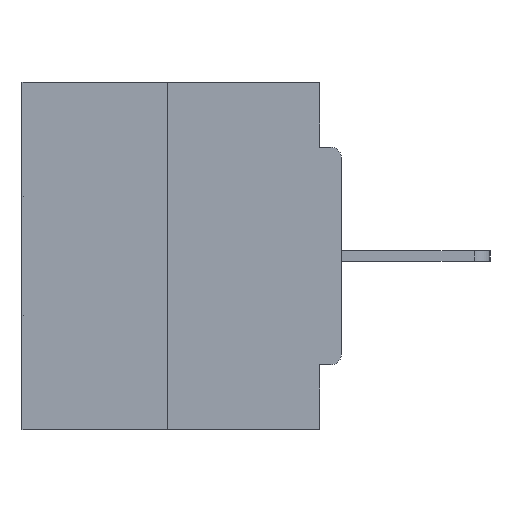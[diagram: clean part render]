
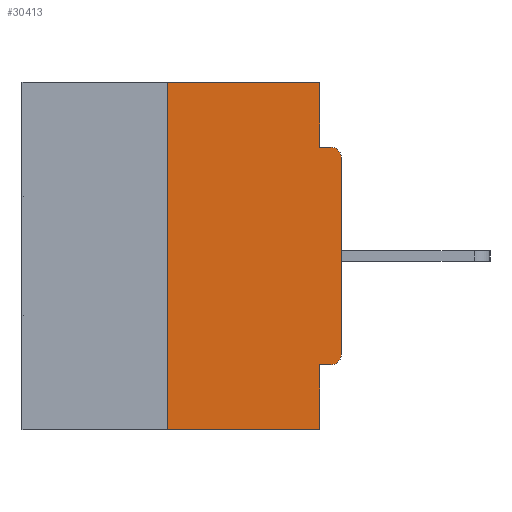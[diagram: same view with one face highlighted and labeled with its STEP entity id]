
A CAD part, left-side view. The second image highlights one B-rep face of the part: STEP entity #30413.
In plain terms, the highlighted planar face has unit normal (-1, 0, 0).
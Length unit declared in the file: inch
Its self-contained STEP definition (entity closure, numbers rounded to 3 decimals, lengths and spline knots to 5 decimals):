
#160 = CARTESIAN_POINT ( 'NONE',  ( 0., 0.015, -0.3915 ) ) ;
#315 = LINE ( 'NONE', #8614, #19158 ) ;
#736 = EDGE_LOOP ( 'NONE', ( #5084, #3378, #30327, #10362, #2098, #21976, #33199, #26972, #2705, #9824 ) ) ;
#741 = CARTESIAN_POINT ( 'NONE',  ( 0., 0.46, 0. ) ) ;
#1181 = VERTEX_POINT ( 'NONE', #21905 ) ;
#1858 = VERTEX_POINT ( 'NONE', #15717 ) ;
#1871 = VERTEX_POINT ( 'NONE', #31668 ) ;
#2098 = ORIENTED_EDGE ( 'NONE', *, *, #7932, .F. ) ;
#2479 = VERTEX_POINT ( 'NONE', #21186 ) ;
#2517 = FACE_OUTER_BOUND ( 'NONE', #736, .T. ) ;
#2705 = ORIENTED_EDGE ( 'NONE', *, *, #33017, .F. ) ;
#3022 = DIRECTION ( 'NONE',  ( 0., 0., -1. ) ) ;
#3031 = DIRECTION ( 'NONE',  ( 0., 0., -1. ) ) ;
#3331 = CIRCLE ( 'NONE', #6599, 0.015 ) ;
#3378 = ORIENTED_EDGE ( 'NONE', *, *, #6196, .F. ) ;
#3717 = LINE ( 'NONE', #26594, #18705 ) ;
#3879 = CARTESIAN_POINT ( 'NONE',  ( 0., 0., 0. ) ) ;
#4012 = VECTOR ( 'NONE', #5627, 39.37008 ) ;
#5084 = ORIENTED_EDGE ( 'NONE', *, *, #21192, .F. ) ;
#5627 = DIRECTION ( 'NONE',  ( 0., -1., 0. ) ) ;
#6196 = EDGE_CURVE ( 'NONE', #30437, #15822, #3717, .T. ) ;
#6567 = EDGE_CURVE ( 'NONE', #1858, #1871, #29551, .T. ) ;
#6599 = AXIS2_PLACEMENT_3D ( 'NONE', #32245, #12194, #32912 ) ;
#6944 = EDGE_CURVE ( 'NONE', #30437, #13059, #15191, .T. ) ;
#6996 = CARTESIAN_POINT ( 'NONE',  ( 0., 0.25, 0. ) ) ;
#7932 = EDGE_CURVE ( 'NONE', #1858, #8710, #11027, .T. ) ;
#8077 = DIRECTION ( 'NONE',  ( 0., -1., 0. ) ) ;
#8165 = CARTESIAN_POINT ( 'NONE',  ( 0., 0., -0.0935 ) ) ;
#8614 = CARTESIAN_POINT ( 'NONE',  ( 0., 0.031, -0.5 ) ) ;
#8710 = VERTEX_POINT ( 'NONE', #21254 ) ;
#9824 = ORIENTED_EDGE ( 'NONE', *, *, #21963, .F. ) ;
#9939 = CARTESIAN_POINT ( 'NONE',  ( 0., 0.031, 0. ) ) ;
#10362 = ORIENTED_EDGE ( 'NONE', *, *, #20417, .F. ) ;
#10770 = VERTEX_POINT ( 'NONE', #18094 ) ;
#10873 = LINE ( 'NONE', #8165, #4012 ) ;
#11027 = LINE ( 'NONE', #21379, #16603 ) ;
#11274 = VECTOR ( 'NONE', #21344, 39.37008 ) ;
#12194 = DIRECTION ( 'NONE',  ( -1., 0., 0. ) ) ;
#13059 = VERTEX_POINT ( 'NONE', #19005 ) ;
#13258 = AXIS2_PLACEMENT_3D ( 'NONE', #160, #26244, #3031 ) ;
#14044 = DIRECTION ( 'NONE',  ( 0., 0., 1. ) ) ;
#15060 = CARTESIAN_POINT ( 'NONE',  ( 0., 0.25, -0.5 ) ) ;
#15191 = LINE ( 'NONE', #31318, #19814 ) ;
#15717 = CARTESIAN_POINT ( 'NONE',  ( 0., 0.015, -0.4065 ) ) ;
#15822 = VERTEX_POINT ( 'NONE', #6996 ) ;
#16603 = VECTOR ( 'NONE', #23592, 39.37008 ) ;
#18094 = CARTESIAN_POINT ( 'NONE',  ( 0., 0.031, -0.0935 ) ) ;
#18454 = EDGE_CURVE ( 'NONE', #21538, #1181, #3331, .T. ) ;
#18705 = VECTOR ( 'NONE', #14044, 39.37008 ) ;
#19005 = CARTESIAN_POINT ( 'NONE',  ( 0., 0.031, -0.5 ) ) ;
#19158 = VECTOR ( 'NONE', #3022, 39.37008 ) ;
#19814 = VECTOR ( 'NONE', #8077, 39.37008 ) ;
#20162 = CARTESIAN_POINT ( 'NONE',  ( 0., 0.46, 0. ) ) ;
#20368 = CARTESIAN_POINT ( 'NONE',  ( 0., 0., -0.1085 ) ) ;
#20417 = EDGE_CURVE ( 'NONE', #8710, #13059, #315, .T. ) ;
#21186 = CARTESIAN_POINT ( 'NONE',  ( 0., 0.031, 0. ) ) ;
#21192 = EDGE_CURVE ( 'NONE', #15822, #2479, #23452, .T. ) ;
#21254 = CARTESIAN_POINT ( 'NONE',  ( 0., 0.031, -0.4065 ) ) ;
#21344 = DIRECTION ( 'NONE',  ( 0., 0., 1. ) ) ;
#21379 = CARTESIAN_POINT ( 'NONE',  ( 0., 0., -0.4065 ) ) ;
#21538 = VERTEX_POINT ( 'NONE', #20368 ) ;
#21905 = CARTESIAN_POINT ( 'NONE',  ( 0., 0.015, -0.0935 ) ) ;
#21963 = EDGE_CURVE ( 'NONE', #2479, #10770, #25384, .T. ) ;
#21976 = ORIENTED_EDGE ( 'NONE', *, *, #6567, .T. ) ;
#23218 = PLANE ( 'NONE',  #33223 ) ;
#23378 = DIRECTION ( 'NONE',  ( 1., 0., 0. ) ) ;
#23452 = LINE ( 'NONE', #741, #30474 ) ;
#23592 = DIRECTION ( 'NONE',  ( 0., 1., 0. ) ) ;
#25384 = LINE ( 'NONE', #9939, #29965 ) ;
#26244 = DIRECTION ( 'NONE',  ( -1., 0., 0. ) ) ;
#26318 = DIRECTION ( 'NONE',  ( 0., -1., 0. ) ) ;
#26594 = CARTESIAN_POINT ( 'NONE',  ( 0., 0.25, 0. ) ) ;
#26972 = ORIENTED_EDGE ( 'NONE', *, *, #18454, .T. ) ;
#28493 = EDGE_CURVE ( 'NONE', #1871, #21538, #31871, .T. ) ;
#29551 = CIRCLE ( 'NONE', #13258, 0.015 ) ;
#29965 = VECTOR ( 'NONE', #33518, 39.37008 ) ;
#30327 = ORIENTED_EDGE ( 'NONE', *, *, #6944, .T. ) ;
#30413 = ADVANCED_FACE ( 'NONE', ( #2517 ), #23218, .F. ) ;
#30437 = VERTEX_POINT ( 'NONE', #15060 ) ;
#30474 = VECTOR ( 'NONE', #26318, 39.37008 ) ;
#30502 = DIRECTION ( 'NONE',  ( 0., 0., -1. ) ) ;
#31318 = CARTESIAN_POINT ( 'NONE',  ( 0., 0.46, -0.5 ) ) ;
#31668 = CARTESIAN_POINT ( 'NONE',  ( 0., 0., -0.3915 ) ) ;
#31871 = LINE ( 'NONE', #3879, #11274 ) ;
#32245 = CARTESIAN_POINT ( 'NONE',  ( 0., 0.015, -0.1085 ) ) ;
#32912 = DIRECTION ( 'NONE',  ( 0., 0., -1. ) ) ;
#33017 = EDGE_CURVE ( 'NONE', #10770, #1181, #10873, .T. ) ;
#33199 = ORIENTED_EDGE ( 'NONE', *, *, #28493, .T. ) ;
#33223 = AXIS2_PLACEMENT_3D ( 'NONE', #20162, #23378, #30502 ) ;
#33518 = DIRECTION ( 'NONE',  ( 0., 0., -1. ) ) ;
........
What you have to do: From the line containing "#18094 = CARTESIAN_POINT" down to the line containing "#21963 = EDGE_CURVE" in the material above, reproduce every line exactly, including the two end lines.

Reply to the task:
#18094 = CARTESIAN_POINT ( 'NONE',  ( 0., 0.031, -0.0935 ) ) ;
#18454 = EDGE_CURVE ( 'NONE', #21538, #1181, #3331, .T. ) ;
#18705 = VECTOR ( 'NONE', #14044, 39.37008 ) ;
#19005 = CARTESIAN_POINT ( 'NONE',  ( 0., 0.031, -0.5 ) ) ;
#19158 = VECTOR ( 'NONE', #3022, 39.37008 ) ;
#19814 = VECTOR ( 'NONE', #8077, 39.37008 ) ;
#20162 = CARTESIAN_POINT ( 'NONE',  ( 0., 0.46, 0. ) ) ;
#20368 = CARTESIAN_POINT ( 'NONE',  ( 0., 0., -0.1085 ) ) ;
#20417 = EDGE_CURVE ( 'NONE', #8710, #13059, #315, .T. ) ;
#21186 = CARTESIAN_POINT ( 'NONE',  ( 0., 0.031, 0. ) ) ;
#21192 = EDGE_CURVE ( 'NONE', #15822, #2479, #23452, .T. ) ;
#21254 = CARTESIAN_POINT ( 'NONE',  ( 0., 0.031, -0.4065 ) ) ;
#21344 = DIRECTION ( 'NONE',  ( 0., 0., 1. ) ) ;
#21379 = CARTESIAN_POINT ( 'NONE',  ( 0., 0., -0.4065 ) ) ;
#21538 = VERTEX_POINT ( 'NONE', #20368 ) ;
#21905 = CARTESIAN_POINT ( 'NONE',  ( 0., 0.015, -0.0935 ) ) ;
#21963 = EDGE_CURVE ( 'NONE', #2479, #10770, #25384, .T. ) ;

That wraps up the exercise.